The table below shows how a monthly investment of £200 would grow over 25 years depending on the annual return achieved.
| Annual return | ISA value (£) |
|---|---|
| 5% | 117,624 |
| 6% | 135,916 |
| 7% | 157,493 |
| 8% | 182,967 |
As an example, a portfolio of dividend shares paying 6.5% a year, would produce an annual income of £10,237 on an ISA worth £157,493. This is more than the average Civil Service pension.
But is it really possible to find income stocks offering a return like this?
Do you know the only thing that gives me pleasure? It’s to see my dividends coming in.
John D Rockefeller
Is this a realistic ambition?
The yield on the FTSE 100 is currently (2 May) 3.1%. Delve deeper, and it’s possible to find 40 on the index paying more than this. In fact, seven are presently offering a return of 6% or more.

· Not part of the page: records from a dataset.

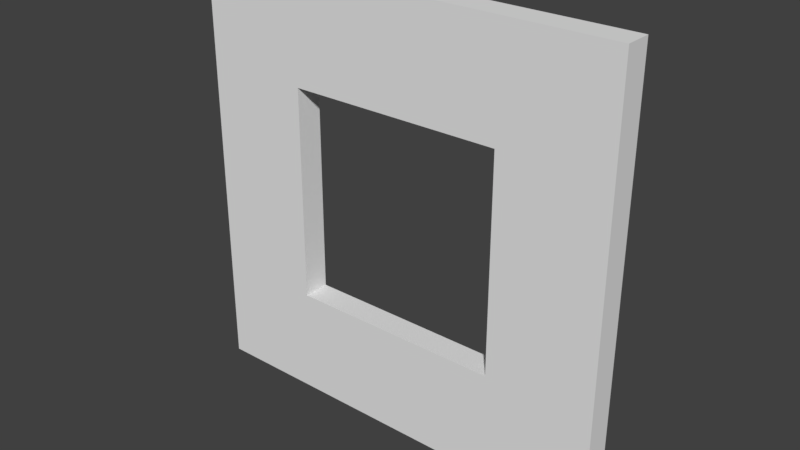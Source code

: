# Source: SM_Wall_Window_4x4x.25.blend  (saved by Blender 2.79.0; exported with 4.5.12 LTS)
import bpy
from mathutils import Matrix  # noqa: F401  (used for matrix-valued properties, if any)

bpy.ops.wm.read_factory_settings(use_empty=True)
scene = bpy.context.scene
scene.name = 'Scene'

# ---- collections
col_collection_1 = bpy.data.collections.new('Collection 1'); scene.collection.children.link(col_collection_1)

# ---- world
world_world = bpy.data.worlds.new('World'); scene.world = world_world
world_world.color = (0.05088, 0.05088, 0.05088)
world_world.use_sun_shadow = False
world_world.sun_shadow_jitter_overblur = 0.0
world_world.cycles.sampling_method = 'MANUAL'

# ---- meshes
me_vert = bpy.data.meshes.new('Vert')
me_vert.from_pydata([(0.0, 0.0, 0.0), (4.0, 0.0, 0.0), (4.0, 4.0, 0.0), (0.0, 4.0, 0.0), (4.0, 2.0, 0.0), (2.0, 4.0, 0.0), (2.0, 0.0, 0.0), (0.0, 2.0, 0.0), (4.0, 3.0, 0.0), (4.0, 3.0, 0.0), (1.0, 4.0, 0.0), (3.0, 0.0, 0.0), (0.0, 1.0, 0.0), (4.0, 1.0, 0.0), (3.0, 4.0, 0.0), (1.0, 0.0, 0.0), (0.0, 3.0, 0.0), (2.0, 3.0, 0.0), (2.0, 1.0, 0.0), (3.0, 2.0, 0.0), (1.0, 2.0, 0.0), (1.0, 1.0, 0.0), (3.0, 1.0, 0.0), (3.0, 3.0, 0.0), (1.0, 3.0, 0.0), (4.0, 4.0, 0.0), (1.0, 4.0, 0.0), (0.0, 4.0, 0.0), (3.0, 0.0, 0.0), (4.0, 0.0, 0.0), (0.0, 1.0, 0.0), (0.0, 0.0, 0.0), (4.0, 1.0, 0.0), (4.0, 2.0, 0.0), (3.0, 4.0, 0.0), (2.0, 4.0, 0.0), (1.0, 0.0, 0.0), (2.0, 0.0, 0.0), (0.0, 3.0, 0.0), (0.0, 2.0, 0.0), (2.0, 3.0, 0.0), (3.0, 2.0, 0.0), (2.0, 1.0, 0.0), (1.0, 2.0, 0.0), (1.0, 1.0, 0.0), (3.0, 1.0, 0.0), (3.0, 3.0, 0.0), (1.0, 3.0, 0.0), (0.0, 1.0, 0.25), (0.0, 0.0, 0.25), (3.0, 0.0, 0.25), (4.0, 0.0, 0.25), (1.0, 4.0, 0.25), (0.0, 4.0, 0.25), (4.0, 3.0, 0.25), (4.0, 4.0, 0.25), (4.0, 1.0, 0.25), (4.0, 2.0, 0.25), (3.0, 4.0, 0.25), (2.0, 4.0, 0.25), (1.0, 0.0, 0.25), (2.0, 0.0, 0.25), (0.0, 3.0, 0.25), (0.0, 2.0, 0.25), (2.0, 3.0, 0.25), (3.0, 2.0, 0.25), (2.0, 1.0, 0.25), (1.0, 2.0, 0.25), (1.0, 1.0, 0.25), (3.0, 1.0, 0.25), (3.0, 3.0, 0.25), (1.0, 3.0, 0.25)], [], [(24, 16, 3, 10), (23, 17, 5, 14), (40, 64, 71, 47), (21, 12, 7, 20), (33, 57, 56, 32), (6, 15, 21, 18), (15, 0, 12, 21), (13, 22, 19, 4), (1, 11, 22, 13), (11, 6, 18, 22), (9, 23, 14, 2), (4, 19, 23, 9), (26, 52, 59, 35), (17, 24, 10, 5), (47, 71, 67, 43), (20, 7, 16, 24), (8, 54, 57, 33), (31, 49, 48, 30), (38, 62, 53, 27), (45, 69, 65, 41), (46, 70, 64, 40), (36, 60, 49, 31), (25, 55, 54, 8), (34, 58, 55, 25), (11, 28, 37, 6), (7, 39, 38, 16), (24, 47, 43, 20), (2, 25, 8, 9), (12, 30, 39, 7), (17, 40, 47, 24), (3, 27, 26, 10), (13, 32, 29, 1), (18, 42, 45, 22), (20, 43, 44, 21), (1, 29, 28, 11), (14, 34, 25, 2), (0, 31, 30, 12), (15, 36, 31, 0), (19, 41, 46, 23), (21, 44, 42, 18), (4, 33, 32, 13), (16, 38, 27, 3), (9, 8, 33, 4), (5, 35, 34, 14), (23, 46, 40, 17), (10, 26, 35, 5), (22, 45, 41, 19), (6, 37, 36, 15), (61, 66, 68, 60), (68, 67, 63, 48), (70, 58, 59, 64), (71, 52, 53, 62), (60, 68, 48, 49), (56, 57, 65, 69), (51, 56, 69, 50), (50, 69, 66, 61), (54, 55, 58, 70), (57, 54, 70, 65), (64, 59, 52, 71), (67, 71, 62, 63), (29, 51, 50, 28), (28, 50, 61, 37), (42, 66, 69, 45), (35, 59, 58, 34), (43, 67, 68, 44), (30, 48, 63, 39), (37, 61, 60, 36), (27, 53, 52, 26), (32, 56, 51, 29), (41, 65, 70, 46), (39, 63, 62, 38), (44, 68, 66, 42)])
me_vert.use_remesh_preserve_volume = False
me_vert.use_remesh_preserve_attributes = False
me_vert.use_mirror_vertex_groups = False
me_vert.update()

# ---- objects
ob_sm_wall_window_4x4x_25 = bpy.data.objects.new('SM_Wall_Window_4x4x.25', me_vert)

# ---- transforms, parenting, visibility, modifiers, constraints
ob_sm_wall_window_4x4x_25.location = (0.0, 0.0, 0.0)
ob_sm_wall_window_4x4x_25.rotation_euler = (1.571, -0.0, 0.0)
ob_sm_wall_window_4x4x_25.lineart.crease_threshold = 0.0

# ---- collection membership
col_collection_1.objects.link(ob_sm_wall_window_4x4x_25)

# ---- scene / render settings (as saved in the file)
scene.frame_start = 1; scene.frame_end = 250; scene.frame_set(1)
scene.render.engine = 'BLENDER_EEVEE_NEXT'
scene.render.resolution_percentage = 50
scene.render.dither_intensity = 0.0
scene.cycles.use_denoising = False
scene.cycles.samples = 128
scene.cycles.sampling_pattern = 'TABULATED_SOBOL'
scene.cycles.use_adaptive_sampling = False
scene.cycles.use_light_tree = False
scene.cycles.blur_glossy = 0.0
scene.cycles.sample_clamp_indirect = 0.0
scene.view_settings.view_transform = 'Standard'
bpy.context.view_layer.update()

# ---- added for rendering (the .blend has no active camera and no usable light): camera, sun
cam_auto = bpy.data.cameras.new('AutoCamera')
cam_auto.lens = 50.0
cam_auto.sensor_width = 36.0
cam_auto.clip_end = 1000.0
ob_auto_camera = bpy.data.objects.new('AutoCamera', cam_auto)
scene.collection.objects.link(ob_auto_camera)
ob_auto_camera.location = (7.23897, -6.41176, 6.19118)
ob_auto_camera.rotation_euler = (1.09748, -7.21219e-08, 0.694738)
scene.camera = ob_auto_camera
light_auto_sun = bpy.data.lights.new('AutoSun', 'SUN')
light_auto_sun.energy = 3.0
light_auto_sun.angle = 0.0523599
ob_auto_sun = bpy.data.objects.new('AutoSun', light_auto_sun)
scene.collection.objects.link(ob_auto_sun)
ob_auto_sun.rotation_euler = (0.872665, 0.174533, 0.523599)
bpy.context.view_layer.update()

One of these is Standard Life (LSE:SDLF). Until recently, it was known as Phoenix Group. Now, the company carries the name of its most famous brand. And it’s one of many offering Stocks and Shares ISAs.
Based on amounts declared over the past 12 months, the retirement specialist is yielding 7.2%. With this return, a £157,493 ISA would produce an annual income of £11,339.
Of course, dividends can never be guaranteed. They’re a distribution of profit and can therefore fluctuate in line with earnings.
Specifically, Standard Life’s payout could come under threat if its huge investment portfolio suffered losses due to global market uncertainty. It could also fall victim to increased competition in an industry that’s seeing a number of challenger brands looking to take market share.
However, if history is anything to go by, Standard Life’s one of the most reliable dividend payers around.
Its payout’s been increased every year since 2016, following three years of it being maintained at 40.8p. For 2025, it paid 55.4p, 32% higher than 10 years earlier.
Right place, right time
Personally, I think it’s well placed to continue growing. The value of the UK retirement savings and income market is expected to increase from an estimated £3.6trn in 2024, to £6.1trn by 2034.
Standard Life also has a strong balance sheet, comfortably meeting all regulatory requirements.
Positively, investors appear to have bought into the investment case. Since recording a five-year low in October 2023, the group’s share price has risen over 70%.
Alongside its huge dividend yield, this makes me believe it’s a UK share to consider.